Le Compagnonnage à Troyes.

Ecrit par Dominique

Le Compagnonnage à Troyes.

En 1524, le grand incendie ravagea le quartier des foires ( le corps du bouchon de champagne) ; pendant 3 jours, les entrepôts, les hôtels particuliers et les églises se consument et il ne reste plus que des pans de murs calcinés ; par précaution, l’échevinage prononce un arrêté qui exige la démolition des ruines, et demande aux propriétaires de reconstruire dans les meilleurs délais ; on rebâti donc les hôtels particuliers, les entrepôts, les demeures et échoppes des marchands, en même temps que les églises que l’on profite d’agrandir, jusqu’en 1560, date à laquelle séviront les guerres de religion ; un chantier immense était donc ouvert à Troyes et les compagnons étaient présents dans tous les métiers de la construction : les charpentiers, capables d’édifier rapidement un bâtiment, couvreurs-torcheurs-éteuliers (poseurs de chaume), l’important métier des maçons-tailleurs de pierre-imagiers, les peintres, les verriers.
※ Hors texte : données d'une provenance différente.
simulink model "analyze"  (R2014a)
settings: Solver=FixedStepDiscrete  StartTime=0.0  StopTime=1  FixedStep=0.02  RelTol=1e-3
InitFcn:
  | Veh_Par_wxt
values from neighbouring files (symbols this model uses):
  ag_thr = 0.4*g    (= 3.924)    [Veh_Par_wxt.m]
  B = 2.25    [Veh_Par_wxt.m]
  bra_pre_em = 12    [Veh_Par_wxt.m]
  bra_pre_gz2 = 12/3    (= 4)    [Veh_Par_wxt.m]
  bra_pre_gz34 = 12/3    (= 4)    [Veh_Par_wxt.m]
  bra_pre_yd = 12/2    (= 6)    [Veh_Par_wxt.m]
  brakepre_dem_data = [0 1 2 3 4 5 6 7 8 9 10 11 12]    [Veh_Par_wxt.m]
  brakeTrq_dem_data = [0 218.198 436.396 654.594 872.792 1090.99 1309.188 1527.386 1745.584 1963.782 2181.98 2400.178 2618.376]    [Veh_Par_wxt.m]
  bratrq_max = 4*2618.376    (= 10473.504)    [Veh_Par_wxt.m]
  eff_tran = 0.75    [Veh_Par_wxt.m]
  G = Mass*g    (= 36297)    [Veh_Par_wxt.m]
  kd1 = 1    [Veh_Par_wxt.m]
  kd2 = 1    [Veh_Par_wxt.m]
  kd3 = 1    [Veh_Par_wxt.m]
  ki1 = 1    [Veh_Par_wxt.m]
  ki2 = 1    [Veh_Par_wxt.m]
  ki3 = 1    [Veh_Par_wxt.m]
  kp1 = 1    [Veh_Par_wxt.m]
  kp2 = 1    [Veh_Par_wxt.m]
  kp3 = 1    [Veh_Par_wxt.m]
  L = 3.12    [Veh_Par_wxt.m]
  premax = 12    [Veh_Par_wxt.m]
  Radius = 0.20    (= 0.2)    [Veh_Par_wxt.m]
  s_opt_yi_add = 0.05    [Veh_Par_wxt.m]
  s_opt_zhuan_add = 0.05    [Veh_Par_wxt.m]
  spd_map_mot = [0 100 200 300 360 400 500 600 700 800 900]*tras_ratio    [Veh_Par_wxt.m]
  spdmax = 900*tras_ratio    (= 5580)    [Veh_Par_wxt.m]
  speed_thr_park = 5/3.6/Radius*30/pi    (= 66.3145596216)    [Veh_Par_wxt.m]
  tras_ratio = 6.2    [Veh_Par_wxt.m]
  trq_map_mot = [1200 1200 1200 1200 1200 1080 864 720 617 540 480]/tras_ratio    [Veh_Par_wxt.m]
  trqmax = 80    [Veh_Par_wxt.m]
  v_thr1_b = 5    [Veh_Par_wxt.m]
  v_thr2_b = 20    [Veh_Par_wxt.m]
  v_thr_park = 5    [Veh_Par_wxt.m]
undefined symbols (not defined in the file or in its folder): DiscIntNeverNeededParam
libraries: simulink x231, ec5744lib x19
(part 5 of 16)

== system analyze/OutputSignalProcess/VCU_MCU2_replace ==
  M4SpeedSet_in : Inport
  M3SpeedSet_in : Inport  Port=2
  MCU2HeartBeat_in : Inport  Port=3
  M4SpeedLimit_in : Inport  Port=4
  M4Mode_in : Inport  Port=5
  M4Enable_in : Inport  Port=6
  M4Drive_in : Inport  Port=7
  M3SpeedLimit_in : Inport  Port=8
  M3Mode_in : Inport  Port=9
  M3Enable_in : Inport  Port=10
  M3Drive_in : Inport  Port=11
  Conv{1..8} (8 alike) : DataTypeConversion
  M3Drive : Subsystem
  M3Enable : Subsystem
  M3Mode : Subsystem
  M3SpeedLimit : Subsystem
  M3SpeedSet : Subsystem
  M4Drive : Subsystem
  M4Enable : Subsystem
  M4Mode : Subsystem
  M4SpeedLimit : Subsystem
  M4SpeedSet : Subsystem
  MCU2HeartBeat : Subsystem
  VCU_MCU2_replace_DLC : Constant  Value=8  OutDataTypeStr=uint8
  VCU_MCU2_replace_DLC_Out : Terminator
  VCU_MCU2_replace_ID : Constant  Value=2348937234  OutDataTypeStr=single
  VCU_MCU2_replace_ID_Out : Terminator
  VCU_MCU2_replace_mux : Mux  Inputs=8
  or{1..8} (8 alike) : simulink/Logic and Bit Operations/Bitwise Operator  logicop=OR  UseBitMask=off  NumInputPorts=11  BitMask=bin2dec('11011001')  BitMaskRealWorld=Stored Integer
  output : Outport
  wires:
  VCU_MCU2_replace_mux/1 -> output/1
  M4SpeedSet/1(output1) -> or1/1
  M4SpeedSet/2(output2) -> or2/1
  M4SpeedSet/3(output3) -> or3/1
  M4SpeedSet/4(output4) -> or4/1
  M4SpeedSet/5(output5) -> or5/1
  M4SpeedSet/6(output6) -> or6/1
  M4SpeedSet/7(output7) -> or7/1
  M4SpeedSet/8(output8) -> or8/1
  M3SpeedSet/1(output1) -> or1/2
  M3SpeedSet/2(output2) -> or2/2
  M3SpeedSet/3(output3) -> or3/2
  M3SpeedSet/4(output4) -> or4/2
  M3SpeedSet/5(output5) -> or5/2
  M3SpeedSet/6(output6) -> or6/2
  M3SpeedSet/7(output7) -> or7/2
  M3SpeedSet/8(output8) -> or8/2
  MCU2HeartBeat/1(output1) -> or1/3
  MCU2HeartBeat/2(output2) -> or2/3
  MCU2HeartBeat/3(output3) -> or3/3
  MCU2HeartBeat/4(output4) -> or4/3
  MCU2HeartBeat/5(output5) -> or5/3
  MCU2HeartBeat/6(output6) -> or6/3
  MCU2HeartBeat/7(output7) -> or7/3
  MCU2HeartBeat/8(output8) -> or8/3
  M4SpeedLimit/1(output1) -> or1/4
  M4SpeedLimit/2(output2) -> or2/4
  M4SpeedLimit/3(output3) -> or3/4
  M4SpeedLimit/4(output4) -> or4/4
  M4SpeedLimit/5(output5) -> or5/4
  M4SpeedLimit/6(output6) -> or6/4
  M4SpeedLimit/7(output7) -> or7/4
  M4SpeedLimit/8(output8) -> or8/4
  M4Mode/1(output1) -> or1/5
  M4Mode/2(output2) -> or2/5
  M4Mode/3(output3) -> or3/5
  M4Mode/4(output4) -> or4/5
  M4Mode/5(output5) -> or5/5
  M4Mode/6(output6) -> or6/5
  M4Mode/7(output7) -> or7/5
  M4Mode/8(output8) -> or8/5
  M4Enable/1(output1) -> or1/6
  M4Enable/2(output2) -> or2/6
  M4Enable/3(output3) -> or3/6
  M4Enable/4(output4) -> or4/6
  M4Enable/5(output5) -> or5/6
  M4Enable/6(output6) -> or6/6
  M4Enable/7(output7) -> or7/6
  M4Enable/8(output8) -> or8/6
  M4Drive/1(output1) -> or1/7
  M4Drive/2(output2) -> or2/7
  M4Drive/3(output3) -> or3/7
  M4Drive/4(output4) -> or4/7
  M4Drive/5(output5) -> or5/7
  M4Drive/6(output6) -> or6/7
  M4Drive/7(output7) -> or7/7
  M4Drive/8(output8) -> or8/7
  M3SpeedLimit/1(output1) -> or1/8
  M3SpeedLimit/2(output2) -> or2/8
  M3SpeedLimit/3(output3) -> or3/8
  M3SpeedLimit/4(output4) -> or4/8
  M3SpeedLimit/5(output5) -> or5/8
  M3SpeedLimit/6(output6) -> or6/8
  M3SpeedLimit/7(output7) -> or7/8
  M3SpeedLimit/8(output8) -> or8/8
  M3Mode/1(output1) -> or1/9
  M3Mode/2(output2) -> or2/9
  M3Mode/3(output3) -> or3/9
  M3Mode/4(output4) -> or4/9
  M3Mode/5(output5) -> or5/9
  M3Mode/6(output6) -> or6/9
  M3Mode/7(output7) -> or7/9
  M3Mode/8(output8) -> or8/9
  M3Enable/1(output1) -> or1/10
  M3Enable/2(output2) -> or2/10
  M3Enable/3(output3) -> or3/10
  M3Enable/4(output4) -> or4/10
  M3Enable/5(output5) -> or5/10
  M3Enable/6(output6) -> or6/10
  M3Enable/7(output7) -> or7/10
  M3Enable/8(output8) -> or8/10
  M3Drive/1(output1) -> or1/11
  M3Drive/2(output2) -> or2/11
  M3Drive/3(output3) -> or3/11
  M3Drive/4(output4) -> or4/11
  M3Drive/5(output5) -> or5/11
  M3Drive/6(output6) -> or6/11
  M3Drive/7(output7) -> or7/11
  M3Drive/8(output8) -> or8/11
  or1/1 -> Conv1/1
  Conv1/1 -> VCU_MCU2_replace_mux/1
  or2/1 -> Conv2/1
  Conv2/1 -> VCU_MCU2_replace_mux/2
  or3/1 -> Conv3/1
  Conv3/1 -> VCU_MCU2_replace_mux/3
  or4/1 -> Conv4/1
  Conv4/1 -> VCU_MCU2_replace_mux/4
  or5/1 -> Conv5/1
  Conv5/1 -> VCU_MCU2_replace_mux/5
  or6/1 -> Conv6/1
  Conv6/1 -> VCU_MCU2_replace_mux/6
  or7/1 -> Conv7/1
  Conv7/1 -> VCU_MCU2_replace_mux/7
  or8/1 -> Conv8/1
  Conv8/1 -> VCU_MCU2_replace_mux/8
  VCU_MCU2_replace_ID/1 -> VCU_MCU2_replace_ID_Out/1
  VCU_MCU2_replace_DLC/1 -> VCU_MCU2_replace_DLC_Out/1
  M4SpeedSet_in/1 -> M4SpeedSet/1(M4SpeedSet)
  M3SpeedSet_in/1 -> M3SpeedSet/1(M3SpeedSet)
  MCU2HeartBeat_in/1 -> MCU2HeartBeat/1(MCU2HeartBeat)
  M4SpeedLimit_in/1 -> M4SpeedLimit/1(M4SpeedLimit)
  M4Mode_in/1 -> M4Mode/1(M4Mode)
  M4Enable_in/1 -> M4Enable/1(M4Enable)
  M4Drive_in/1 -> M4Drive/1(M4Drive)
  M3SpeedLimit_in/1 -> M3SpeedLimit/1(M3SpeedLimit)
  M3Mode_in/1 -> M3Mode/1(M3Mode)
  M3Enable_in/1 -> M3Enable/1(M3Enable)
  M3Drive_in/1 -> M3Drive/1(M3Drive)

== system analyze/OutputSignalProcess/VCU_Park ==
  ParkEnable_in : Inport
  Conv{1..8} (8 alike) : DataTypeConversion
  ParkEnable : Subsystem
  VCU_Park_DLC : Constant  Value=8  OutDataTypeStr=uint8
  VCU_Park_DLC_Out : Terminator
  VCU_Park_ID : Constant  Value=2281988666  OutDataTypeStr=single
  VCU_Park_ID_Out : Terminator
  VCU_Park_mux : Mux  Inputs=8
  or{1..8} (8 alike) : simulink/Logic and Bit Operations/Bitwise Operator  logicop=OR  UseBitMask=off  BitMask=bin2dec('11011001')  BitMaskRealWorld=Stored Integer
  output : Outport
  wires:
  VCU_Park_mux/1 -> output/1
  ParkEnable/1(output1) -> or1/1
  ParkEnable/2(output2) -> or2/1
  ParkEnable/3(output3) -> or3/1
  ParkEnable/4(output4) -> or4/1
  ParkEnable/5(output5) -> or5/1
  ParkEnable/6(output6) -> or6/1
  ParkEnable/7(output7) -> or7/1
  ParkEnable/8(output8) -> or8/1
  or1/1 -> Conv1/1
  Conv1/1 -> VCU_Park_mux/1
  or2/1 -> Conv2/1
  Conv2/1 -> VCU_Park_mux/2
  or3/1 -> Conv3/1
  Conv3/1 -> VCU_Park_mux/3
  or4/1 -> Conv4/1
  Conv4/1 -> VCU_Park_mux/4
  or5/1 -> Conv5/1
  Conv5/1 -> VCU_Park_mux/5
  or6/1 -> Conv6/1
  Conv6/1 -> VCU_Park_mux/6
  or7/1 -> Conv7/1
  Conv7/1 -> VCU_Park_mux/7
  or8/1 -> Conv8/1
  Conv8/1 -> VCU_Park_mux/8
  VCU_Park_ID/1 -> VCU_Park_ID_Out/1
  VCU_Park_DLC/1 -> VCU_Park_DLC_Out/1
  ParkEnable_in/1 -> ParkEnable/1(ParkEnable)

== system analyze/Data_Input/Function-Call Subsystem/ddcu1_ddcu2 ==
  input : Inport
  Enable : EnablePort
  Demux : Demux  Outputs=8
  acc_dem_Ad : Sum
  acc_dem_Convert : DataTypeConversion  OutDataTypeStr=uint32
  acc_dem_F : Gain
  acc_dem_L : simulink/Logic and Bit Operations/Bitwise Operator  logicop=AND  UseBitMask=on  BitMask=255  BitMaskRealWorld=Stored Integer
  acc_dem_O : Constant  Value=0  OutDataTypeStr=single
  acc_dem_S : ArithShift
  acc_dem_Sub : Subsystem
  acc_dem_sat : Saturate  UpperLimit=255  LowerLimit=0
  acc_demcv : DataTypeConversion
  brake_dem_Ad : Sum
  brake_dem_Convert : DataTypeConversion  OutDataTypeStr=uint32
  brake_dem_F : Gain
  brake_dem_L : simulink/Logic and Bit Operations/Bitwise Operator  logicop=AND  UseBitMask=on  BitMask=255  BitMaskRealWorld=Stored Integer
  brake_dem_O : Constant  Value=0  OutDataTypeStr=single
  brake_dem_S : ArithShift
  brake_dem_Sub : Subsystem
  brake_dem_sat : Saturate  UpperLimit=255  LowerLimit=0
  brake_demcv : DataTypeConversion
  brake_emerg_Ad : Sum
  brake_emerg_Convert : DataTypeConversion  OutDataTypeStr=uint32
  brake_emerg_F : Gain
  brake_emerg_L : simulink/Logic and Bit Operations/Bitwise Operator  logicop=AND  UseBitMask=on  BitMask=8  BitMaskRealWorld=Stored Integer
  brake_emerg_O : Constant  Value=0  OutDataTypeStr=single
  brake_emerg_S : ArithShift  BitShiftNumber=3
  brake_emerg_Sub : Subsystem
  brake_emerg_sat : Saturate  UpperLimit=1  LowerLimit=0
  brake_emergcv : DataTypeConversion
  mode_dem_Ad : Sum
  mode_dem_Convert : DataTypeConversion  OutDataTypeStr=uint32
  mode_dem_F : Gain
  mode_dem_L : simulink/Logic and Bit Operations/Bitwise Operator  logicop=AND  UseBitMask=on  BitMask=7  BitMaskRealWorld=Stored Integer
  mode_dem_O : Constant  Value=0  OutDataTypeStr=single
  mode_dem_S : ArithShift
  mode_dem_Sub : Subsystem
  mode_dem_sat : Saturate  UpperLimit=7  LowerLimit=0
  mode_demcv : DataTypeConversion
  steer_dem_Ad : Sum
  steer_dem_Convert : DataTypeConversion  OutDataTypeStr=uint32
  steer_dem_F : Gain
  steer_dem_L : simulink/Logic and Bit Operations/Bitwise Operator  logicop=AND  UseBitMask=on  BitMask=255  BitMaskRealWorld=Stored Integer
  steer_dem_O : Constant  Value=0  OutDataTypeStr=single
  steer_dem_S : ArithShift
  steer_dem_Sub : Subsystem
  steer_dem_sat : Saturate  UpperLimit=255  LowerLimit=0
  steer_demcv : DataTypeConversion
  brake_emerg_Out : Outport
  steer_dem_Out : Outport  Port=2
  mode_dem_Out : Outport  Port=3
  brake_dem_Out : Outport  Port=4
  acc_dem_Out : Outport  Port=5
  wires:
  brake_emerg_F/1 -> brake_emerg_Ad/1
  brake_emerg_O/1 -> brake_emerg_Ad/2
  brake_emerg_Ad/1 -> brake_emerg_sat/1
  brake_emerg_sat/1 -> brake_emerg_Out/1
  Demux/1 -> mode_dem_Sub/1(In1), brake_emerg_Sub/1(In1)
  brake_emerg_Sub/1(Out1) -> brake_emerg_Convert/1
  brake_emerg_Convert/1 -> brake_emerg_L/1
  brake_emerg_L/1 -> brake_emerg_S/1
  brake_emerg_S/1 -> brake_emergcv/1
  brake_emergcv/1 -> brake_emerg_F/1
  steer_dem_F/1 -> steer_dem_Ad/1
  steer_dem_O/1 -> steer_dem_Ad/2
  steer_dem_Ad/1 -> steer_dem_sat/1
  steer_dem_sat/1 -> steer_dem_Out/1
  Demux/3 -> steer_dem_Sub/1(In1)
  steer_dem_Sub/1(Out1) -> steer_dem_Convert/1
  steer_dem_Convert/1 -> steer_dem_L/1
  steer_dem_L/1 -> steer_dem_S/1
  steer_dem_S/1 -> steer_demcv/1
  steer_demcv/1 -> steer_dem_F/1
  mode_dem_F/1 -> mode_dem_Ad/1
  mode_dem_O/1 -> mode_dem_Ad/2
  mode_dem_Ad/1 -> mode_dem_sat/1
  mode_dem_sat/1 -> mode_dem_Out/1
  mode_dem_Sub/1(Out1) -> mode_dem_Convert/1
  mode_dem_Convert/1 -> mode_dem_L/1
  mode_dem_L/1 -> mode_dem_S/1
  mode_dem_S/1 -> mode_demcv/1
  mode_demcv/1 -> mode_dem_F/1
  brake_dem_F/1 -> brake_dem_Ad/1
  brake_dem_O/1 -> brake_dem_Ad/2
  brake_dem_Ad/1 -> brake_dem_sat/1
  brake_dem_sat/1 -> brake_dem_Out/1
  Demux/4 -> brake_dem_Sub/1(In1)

Ce n’est que le 26 février 1692 que les Vitriers et Peintres en verre obtiendront pour la première fois des statuts à Paris et une requête du 12 février 1693 est déposée auprès du prévôt de Troyes par les Maîtres Vitriers Troyens pour tenter d’en obtenir. Dans leur requête, les Troyens proposent que l’apprentissage durent 3 ans et que le temps minimum pour qu’un Compagnon puisse prétendre à la maîtrise ne soit pas inférieur à 4 ans ; ils évoquent aussi la possibilité « d’aller par le pays pendant ledit temps pour y acquérir plus d’expérience et de capacité audit art et métier… ».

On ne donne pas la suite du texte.